![]() ![]() ![]() ~ 冬編2「冬の落葉樹」 ~ 著者 林 将之
■冬の落葉樹の名前を調べる 森の冬は、落葉樹はすっかり葉を落として丸裸、鮮やかな花や実も少なく、否が応でも樹木に目が向かなくなってしまう季節です。そんな冬山でも、自然体験の活動を行っていると、落ち葉を拾って「これは何の葉?」、枝だけの木を見て「あれは何の木?」といった疑問は必ず出てくるものです。そこで今回は、冬の山道で出会った、一本の落葉樹の名前を調べる手順を紹介しましょう。 ■1 あの木は何だろう?・・・まずは樹形 ![]() このように、 まずは樹形が自然に目に入ってくると思います。樹形だけで木の種類が分かればいいのですが、それはよほど特徴のある木でないと無理と言えます。ですから樹形を見るときは、中心に直立する幹(主幹:しゅかん)があるかないか、形は整形か不整形か、枝の出方や太さに特徴はないか、などといった点を意識して見てみましょう。 この木の場合は、主幹はあまりはっきりせず、形は不整形、枝はふつうと言えるでしょう。この時点で、まっすぐな主幹をもつトチノキやホオノキなどの可能性は低いと言えます。 ■2 常に得られる情報・・・樹皮を見る ![]() この時点で、横しま模様のサクラ類などは除外されますし、裂け目の入らないケヤキやエノキ、エゴノキなども違うようです。縦しま模様の樹皮をもつ木はたくさんありますが、関東の雑木林であることを考えると、コナラ、クヌギ、クリ、シデ類、ハリギリなどが有力と推測できます。同じ縦しま模様でも、その裂け方はさまざまなので、観察力と経験をもっていれば、樹皮でかなり種類を限定できる場合もあります。
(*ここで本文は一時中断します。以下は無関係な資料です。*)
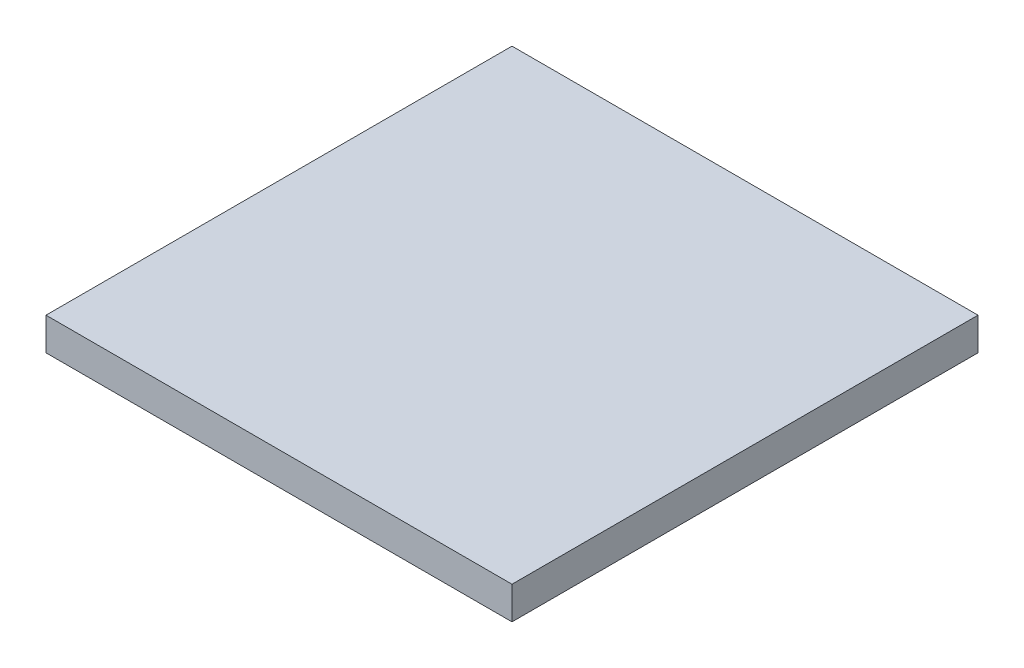
SolidWorks part; units mm, degrees
ref_plane "Front Plane" through (0, 0, 0) normal (0, 0, 1) x (1, 0, 0)
ref_plane "Top Plane" through (0, 0, 0) normal (0, 1, 0) x (1, 0, 0)
ref_plane "Right Plane" through (0, 0, 0) normal (1, 0, 0) x (0, 0, -1)
sketch "Sketch1" plane through (0, 0, 0) normal (1, 0, 0) x (0, 0, -1)
  line L1 (0, 0) -> (1000, 0)
  line L2 (0, 0) -> (0, 70)
  line L3 (0, 70) -> (1000, 70)
  line L4 (1000, 0) -> (1000, 70)
  dimension "D1" = 1000
  dimension "D2" = 70
extrude "Boss-Extrude1" add sketch "Sketch1" along normal blind 1000
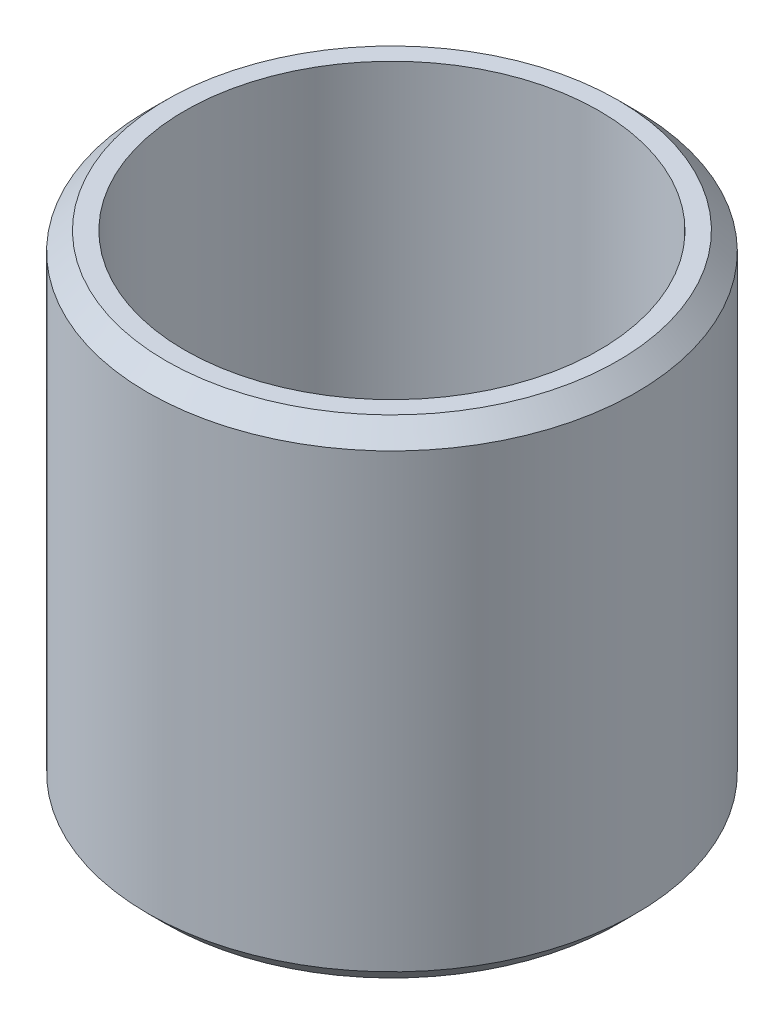
SolidWorks part; units mm, degrees
ref_plane "Front Plane" through (0, 0, 0) normal (0, 0, 1) x (1, 0, 0)
ref_plane "Top Plane" through (0, 0, 0) normal (0, 1, 0) x (1, 0, 0)
ref_plane "Right Plane" through (0, 0, 0) normal (1, 0, 0) x (0, 0, -1)
sketch "Sketch1" plane through (0, 0, 0) normal (0, 1, 0) x (1, 0, 0)
  circle A0 centre (0, 0) radius 17
  circle A1 centre (0, 0) radius 20.032
  dimension "D1" = 40.064
  dimension "D2" = 34
extrude "Extrude1" add sketch "Sketch1" along normal mid plane 40
chamfer "Bushing Chamfer" distance 1.5 distance2 1.5 2 edges at (0, 20, 20.032) (0, -20, 20.032)
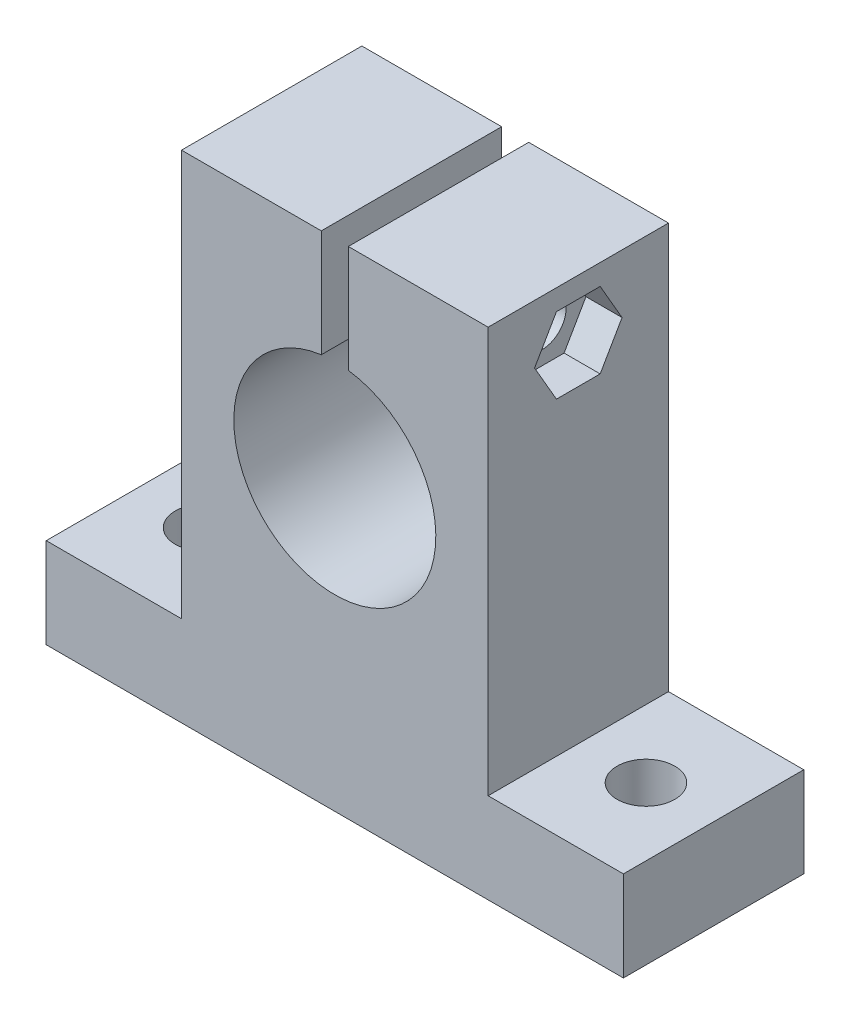
SolidWorks part; units mm, degrees
ref_plane "前视基准面" through (0, 0, 0) normal (0, 0, 1) x (1, 0, 0)
ref_plane "上视基准面" through (0, 0, 0) normal (0, 1, 0) x (1, 0, 0)
ref_plane "右视基准面" through (0, 0, 0) normal (1, 0, 0) x (0, 0, -1)
sketch "草图1" plane through (0, 0, 0) normal (0, 0, 1) x (1, 0, 0)
  line L0 (0, 84.321) -> (0, -94.6914) construction
  line L1 (-87.1605, 0) -> (139.0123, 0) construction
  line L2 (17, -0.1975) -> (1.5, -0.1975)
  line L3 (17, -0.1975) -> (17, -45.1975)
  line L5 (-17, -0.1975) -> (-17, -45.1975)
  line L7 (-32, -55.1975) -> (32, -55.1975)
  line L8 (-32, -55.1975) -> (-32, -45.1975)
  line L9 (-32, -45.1975) -> (-17, -45.1975)
  line L10 (32, -55.1975) -> (32, -45.1975)
  line L11 (17, -45.1975) -> (32, -45.1975)
  line L12 (-1.5, -0.1975) -> (-1.5, -12.0984)
  line L13 (1.5, -0.1975) -> (1.5, -12.0984)
  line L14 (-1.5, -0.1975) -> (-17, -0.1975)
  arc A0 (-1.5, -12.0984) -> (1.5, -12.0984) centre (0, -23.1975) ccw
  point P19 (0, 0)
  dimension "D5" = 22.4
  dimension "D1" = 10
  dimension "D2" = 64
  dimension "D3" = 34
  dimension "D4" = 55
  dimension "D6" = 32
  dimension "D7" = 1.5
extrude "凸台-拉伸1" add sketch "草图1" along normal blind 20
sketch "草图2" plane through (0, 0, 0) normal (1, 0, 0) x (0, 0, -1)
  line L0 (-10, 16.0659) -> (-10, -70.2183) construction
  line L1 (-20, -45.1975) -> (-20, -0.1975) construction
  line L2 (0, -45.1975) -> (0, -0.1975) construction
  line L3 (-20, -0.1975) -> (0, -0.1975) construction
  circle A0 centre (-10, -6.6975) radius 2.65
  dimension "D1" = 5.3
  dimension "D2" = 6.5
extrude "切除-拉伸1" cut sketch "草图2" against normal mid plane 40
sketch "草图3" plane through (17, 0, 0) normal (1, 0, 0) x (0, 0, -1)
  line L0 (-20, -0.1975) -> (0, -0.1975) construction
  line L1 (-5.1508, -6.6975) -> (-7.5754, -2.498)
  line L2 (-7.5754, -2.498) -> (-12.4246, -2.498)
  line L3 (-12.4246, -2.498) -> (-14.8492, -6.6975)
  line L4 (-14.8492, -6.6975) -> (-12.4246, -10.8971)
  line L5 (-12.4246, -10.8971) -> (-7.5754, -10.8971)
  line L6 (-7.5754, -10.8971) -> (-5.1508, -6.6975)
  circle A0 centre (-10, -6.6975) radius 4.1996 construction
  dimension "D1" = 8.3991
extrude "切除-拉伸2" cut sketch "草图3" against normal blind 4
sketch "草图5" plane through (0, -55.1975, 0) normal (0, -1, 0) x (1, 0, 0)
  line L0 (-44.0709, 10) -> (42.8573, 10) construction
  line L1 (-32, 20) -> (32, 20) construction
  line L2 (-32, 0) -> (32, 0) construction
  line L3 (0, 30.7578) -> (0, -10.375) construction
  line L4 (32, 20) -> (32, 0) construction
  line L5 (-32, 20) -> (-32, 0) construction
  circle A0 centre (-24.5, 10) radius 3.2
  circle A1 centre (24.5, 10) radius 3.2
  dimension "D1" = 6.4
  dimension "D2" = 49
extrude "切除-拉伸3" cut sketch "草图5" against normal through all
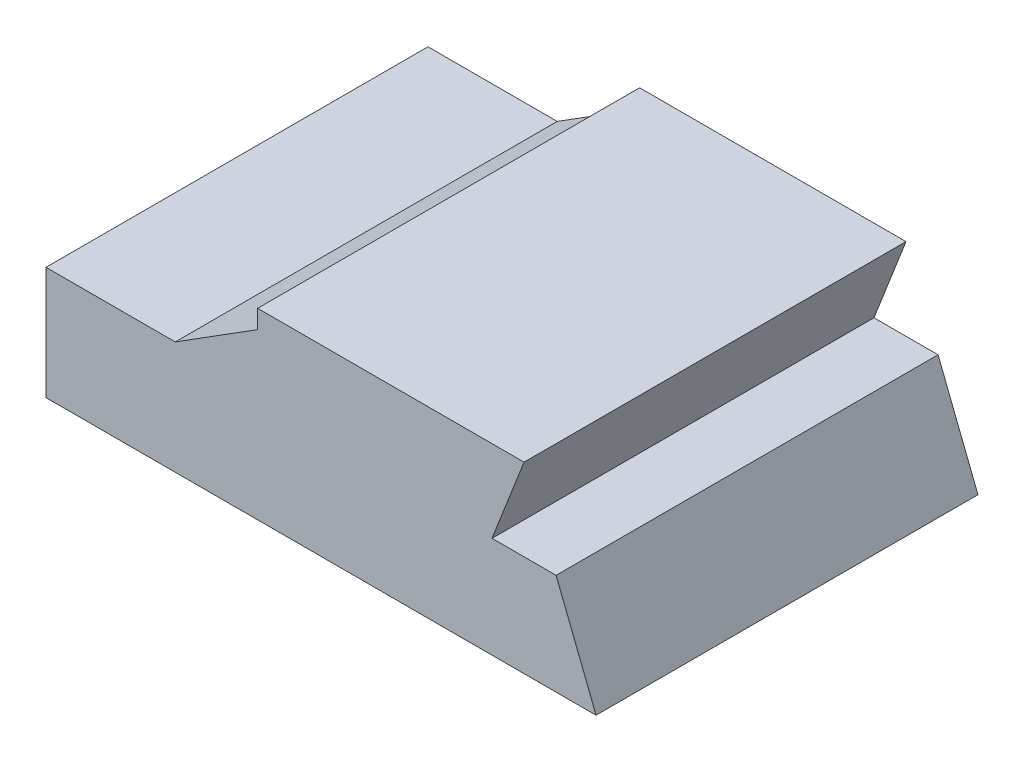
SolidWorks part; units mm, degrees
ref_plane "前视基准面" through (0, 0, 0) normal (0, 0, 1) x (1, 0, 0)
ref_plane "上视基准面" through (0, 0, 0) normal (0, 1, 0) x (1, 0, 0)
ref_plane "右视基准面" through (0, 0, 0) normal (1, 0, 0) x (0, 0, -1)
sketch "草图1" plane through (0, 0, 0) normal (0, 0, 1) x (1, 0, 0)
  line L1 (0, 29.5569) -> (33.8411, 29.5569)
  line L2 (116.7701, 26.4939) -> (125.1562, 47.9624)
  line L3 (152.6325, 126.9813) -> (90.1698, 135.4275)
  line L6 (89.0201, 126.9249) -> (126.841, 106.3205)
  line L8 (0, 0) -> (0, 29.5569)
  line L9 (33.8411, 29.5569) -> (55.4044, 43.1338)
  line L11 (144.001, 0) -> (133.5423, 26.4939)
  line L14 (89.661, -18.3061) -> (89.661, 35.0616) construction
  line L17 (125.1562, 47.9624) -> (140.6985, 47.9624)
  line L18 (140.6985, 47.9624) -> (157.4376, 120.0186)
  line L20 (133.5423, 26.4939) -> (116.7701, 26.4939)
  line L21 (55.4044, 43.1338) -> (55.4044, 95.8971)
  line L22 (0, 0) -> (144.001, 0)
  line L23 (55.4044, 95.8971) -> (92.2029, 95.8971)
  arc A2 (81.7861, 122.3112) -> (92.2029, 95.8971) centre (19.0918, 82.3258) cw
  arc A9 (90.1698, 135.4275) -> (81.7861, 122.3112) centre (89.0201, 126.9249) ccw
  arc A10 (157.4376, 120.0186) -> (152.6325, 126.9813) centre (151.866, 121.3129) ccw
  circle A15 centre (126.841, 106.3205) radius 27.6011
  dimension "D2" = 55.2022
  dimension "D3" = 74.36
  dimension "D4" = 8.58
  dimension "D5" = 5.72
  dimension "D1" = 106.3205
  dimension "D6" = 19.0918
  dimension "D7" = 33.8411
  dimension "D8" = 55.4044
  dimension "D9" = 81.7861
  dimension "D10" = 90.1698
  dimension "D11" = 89.661
  dimension "D12" = 151.866
  dimension "D13" = 92.2029
  dimension "D14" = 116.7701
  dimension "D15" = 125.1562
  dimension "D16" = 126.841
  dimension "D17" = 133.5423
  dimension "D18" = 140.6985
  dimension "D19" = 144.001
  dimension "D20" = 26.4939
  dimension "D21" = 29.5569
  dimension "D22" = 157.4376
  dimension "D23" = 43.1338
  dimension "D24" = 47.9624
extrude "凸台-拉伸1" add sketch "草图1" along normal mid plane 100
sketch "草图2" plane through (0, 0, 50) normal (0, 0, 1) x (1, 0, 0)
  line L0 (125.1562, 47.9624) -> (37.9215, 47.9624)
split "分割1" trim tools "草图2" bodies to split 106 resulting bodies 107 108
delete or keep bodies "实体-删除/保留 1" type delete bodies bodies 107

■3 いちばんの手がかり・・・落ち葉を探そう ![]() この木の足下を見渡してみると、コナラらしき落ち葉が多く見つかりました。コナラの葉は、葉先に近い方で葉幅が最大になる形で、縁のギザギザ(鋸歯)も鋭いので、比較的簡単に見分けられます。これに対し、クヌギやクリは細長い形、シデ類の落ち葉は小さく丸まってしまいますし、ハリギリはモミジ形です。しかし、コナラの葉は変異も大きいので要注意です。下の右端の葉もコナラですが、クヌギとの中間型を呈しています。葉っぱにも“個人差”が多く見られるのです。
■4 小さいけど正確な情報・・・冬芽 ![]() コナラ類の冬芽は、芽を包む皮(芽鱗:がりん) の枚数が多く、枝先に数個がかたまってつくことが特徴です。コナラの芽は赤っぽく濃い色、クヌギは褐色で白い毛が生えています。この木の萌芽枝には、赤っぽい冬芽がついていたので、どうやらコナラで間違いないようです。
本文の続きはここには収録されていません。